**Material for this exercise:**
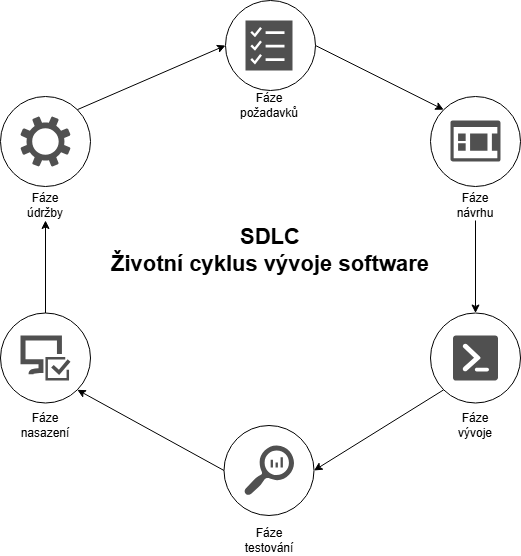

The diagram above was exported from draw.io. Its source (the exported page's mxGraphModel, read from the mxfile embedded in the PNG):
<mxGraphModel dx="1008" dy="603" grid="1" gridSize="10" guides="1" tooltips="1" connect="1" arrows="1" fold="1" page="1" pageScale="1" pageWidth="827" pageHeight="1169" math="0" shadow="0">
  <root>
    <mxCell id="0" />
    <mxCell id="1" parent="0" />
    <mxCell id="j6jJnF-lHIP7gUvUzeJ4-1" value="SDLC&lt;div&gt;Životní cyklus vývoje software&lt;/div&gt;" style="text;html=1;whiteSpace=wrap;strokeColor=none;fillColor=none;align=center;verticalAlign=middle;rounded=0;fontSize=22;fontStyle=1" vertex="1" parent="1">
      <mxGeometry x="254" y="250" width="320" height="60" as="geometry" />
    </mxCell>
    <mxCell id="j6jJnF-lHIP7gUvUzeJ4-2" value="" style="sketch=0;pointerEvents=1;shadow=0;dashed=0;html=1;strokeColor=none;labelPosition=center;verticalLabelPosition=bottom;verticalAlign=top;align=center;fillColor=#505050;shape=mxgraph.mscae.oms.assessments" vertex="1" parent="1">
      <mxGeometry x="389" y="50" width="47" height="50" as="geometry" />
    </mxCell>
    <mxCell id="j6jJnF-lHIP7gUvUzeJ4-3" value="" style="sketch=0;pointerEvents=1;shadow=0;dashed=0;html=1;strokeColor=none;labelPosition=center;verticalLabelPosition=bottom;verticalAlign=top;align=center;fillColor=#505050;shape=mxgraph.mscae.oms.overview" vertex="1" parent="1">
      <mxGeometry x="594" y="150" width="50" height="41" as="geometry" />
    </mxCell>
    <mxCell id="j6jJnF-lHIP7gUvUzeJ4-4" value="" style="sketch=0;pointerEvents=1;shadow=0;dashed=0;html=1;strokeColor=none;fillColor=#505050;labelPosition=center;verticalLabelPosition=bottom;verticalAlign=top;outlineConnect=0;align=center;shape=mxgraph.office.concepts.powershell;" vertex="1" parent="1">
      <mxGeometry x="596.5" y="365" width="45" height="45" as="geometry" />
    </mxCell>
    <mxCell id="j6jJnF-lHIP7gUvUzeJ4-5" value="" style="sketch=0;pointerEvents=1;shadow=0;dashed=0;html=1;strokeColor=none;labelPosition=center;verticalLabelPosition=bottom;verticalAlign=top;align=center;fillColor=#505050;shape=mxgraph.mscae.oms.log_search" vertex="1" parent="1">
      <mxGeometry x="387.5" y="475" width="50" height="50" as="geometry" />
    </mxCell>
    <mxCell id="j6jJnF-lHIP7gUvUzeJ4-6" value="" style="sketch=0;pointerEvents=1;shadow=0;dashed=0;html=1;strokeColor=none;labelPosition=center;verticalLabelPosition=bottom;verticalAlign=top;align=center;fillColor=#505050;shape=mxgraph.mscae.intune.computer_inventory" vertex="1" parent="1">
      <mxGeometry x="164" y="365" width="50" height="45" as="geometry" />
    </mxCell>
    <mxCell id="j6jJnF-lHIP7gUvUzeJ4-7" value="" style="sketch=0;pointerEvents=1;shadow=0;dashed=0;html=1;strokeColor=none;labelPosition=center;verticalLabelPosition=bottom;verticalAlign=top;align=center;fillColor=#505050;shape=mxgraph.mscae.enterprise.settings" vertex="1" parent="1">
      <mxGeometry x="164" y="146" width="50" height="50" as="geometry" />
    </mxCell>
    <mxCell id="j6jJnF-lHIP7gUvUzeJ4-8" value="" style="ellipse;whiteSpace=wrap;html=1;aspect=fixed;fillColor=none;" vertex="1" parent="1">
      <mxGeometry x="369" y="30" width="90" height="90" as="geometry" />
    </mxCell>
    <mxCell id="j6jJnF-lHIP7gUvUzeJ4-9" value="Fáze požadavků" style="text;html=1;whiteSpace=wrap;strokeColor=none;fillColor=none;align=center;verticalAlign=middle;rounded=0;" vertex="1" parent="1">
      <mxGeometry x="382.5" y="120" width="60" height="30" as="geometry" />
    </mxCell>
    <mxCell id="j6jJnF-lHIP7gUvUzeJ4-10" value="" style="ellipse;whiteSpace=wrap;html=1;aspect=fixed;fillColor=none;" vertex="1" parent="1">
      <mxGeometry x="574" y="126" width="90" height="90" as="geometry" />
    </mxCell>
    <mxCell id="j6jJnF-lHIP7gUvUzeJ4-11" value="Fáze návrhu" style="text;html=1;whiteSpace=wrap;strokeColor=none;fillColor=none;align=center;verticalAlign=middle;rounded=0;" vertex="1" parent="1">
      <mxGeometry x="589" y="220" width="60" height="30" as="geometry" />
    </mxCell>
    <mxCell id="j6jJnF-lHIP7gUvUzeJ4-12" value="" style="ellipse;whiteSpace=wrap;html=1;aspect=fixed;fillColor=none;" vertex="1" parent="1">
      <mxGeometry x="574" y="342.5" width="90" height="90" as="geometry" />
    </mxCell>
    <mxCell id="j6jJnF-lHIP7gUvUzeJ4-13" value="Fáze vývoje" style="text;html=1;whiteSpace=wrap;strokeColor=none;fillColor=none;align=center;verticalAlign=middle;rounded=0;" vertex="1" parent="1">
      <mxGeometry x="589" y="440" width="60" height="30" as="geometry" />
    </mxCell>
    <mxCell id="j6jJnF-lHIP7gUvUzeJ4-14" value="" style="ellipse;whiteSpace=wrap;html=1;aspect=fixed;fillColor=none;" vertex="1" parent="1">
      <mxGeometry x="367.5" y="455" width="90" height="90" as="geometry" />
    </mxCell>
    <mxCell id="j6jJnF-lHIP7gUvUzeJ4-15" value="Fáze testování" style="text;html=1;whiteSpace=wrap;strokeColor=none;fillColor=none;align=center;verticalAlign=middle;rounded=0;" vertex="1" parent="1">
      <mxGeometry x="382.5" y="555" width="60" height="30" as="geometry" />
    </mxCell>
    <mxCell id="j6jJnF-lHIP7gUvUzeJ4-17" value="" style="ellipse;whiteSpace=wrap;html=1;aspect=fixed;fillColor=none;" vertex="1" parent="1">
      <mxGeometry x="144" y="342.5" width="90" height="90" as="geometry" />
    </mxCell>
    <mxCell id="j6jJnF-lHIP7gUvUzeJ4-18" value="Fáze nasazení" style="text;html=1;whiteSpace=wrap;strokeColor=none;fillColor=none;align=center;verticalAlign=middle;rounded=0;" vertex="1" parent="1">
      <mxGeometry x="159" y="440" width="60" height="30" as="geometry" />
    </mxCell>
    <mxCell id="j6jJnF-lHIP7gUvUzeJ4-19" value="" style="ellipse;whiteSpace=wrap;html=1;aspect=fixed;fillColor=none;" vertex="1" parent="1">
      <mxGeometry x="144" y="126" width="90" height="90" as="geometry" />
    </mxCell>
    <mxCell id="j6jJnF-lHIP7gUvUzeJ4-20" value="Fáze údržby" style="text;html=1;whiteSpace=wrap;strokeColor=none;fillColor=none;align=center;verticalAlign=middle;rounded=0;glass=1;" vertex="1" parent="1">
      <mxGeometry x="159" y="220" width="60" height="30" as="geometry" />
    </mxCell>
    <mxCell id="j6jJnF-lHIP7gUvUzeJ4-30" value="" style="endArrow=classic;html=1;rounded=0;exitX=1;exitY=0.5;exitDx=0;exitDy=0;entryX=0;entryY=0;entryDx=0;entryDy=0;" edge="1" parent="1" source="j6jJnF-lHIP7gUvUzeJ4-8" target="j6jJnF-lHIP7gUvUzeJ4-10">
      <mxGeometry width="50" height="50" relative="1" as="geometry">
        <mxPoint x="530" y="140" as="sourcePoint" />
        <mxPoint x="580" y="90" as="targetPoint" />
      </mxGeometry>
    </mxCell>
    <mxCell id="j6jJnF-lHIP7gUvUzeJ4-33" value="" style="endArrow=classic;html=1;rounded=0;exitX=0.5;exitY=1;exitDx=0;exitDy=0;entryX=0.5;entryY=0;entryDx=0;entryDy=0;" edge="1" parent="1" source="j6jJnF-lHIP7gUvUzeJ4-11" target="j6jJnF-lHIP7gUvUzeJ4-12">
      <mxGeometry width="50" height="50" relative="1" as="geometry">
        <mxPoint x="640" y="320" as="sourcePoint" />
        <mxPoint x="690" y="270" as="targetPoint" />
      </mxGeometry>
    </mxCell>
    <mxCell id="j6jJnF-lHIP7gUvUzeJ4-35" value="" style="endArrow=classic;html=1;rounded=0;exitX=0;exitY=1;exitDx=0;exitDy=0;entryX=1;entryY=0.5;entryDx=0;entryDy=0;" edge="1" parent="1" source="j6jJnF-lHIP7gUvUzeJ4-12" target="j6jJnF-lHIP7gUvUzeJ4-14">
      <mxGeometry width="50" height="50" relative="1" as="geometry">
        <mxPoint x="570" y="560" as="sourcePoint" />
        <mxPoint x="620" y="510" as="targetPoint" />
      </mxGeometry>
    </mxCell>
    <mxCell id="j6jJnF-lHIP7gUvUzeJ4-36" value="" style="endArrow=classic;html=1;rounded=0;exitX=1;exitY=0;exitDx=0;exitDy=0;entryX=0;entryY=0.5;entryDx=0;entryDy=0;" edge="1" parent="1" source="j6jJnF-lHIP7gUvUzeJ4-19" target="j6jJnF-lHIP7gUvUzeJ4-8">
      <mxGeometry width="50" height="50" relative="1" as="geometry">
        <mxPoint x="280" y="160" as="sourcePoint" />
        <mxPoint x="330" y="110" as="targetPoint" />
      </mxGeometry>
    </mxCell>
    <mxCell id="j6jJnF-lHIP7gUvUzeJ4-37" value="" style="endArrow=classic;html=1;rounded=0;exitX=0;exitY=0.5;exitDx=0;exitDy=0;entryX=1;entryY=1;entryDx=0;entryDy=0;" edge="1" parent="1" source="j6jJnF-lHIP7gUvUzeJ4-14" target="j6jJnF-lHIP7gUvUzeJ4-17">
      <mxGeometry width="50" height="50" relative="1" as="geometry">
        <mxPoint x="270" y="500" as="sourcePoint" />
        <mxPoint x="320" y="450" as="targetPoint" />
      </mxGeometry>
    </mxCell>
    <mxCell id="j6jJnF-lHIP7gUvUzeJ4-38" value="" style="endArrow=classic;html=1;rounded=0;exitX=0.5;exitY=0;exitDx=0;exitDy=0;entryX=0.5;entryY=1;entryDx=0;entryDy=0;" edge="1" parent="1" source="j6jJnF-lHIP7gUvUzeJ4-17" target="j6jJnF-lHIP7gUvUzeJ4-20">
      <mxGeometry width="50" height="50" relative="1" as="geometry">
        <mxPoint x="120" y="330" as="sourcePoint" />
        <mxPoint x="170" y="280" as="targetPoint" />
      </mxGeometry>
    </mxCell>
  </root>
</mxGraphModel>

**What the task requires:** Report all lines above with "page".

**Solution to this problem:**
The diagram above was exported from draw.io. Its source (the exported page's mxGraphModel, read from the mxfile embedded in the PNG):
<mxGraphModel dx="1008" dy="603" grid="1" gridSize="10" guides="1" tooltips="1" connect="1" arrows="1" fold="1" page="1" pageScale="1" pageWidth="827" pageHeight="1169" math="0" shadow="0">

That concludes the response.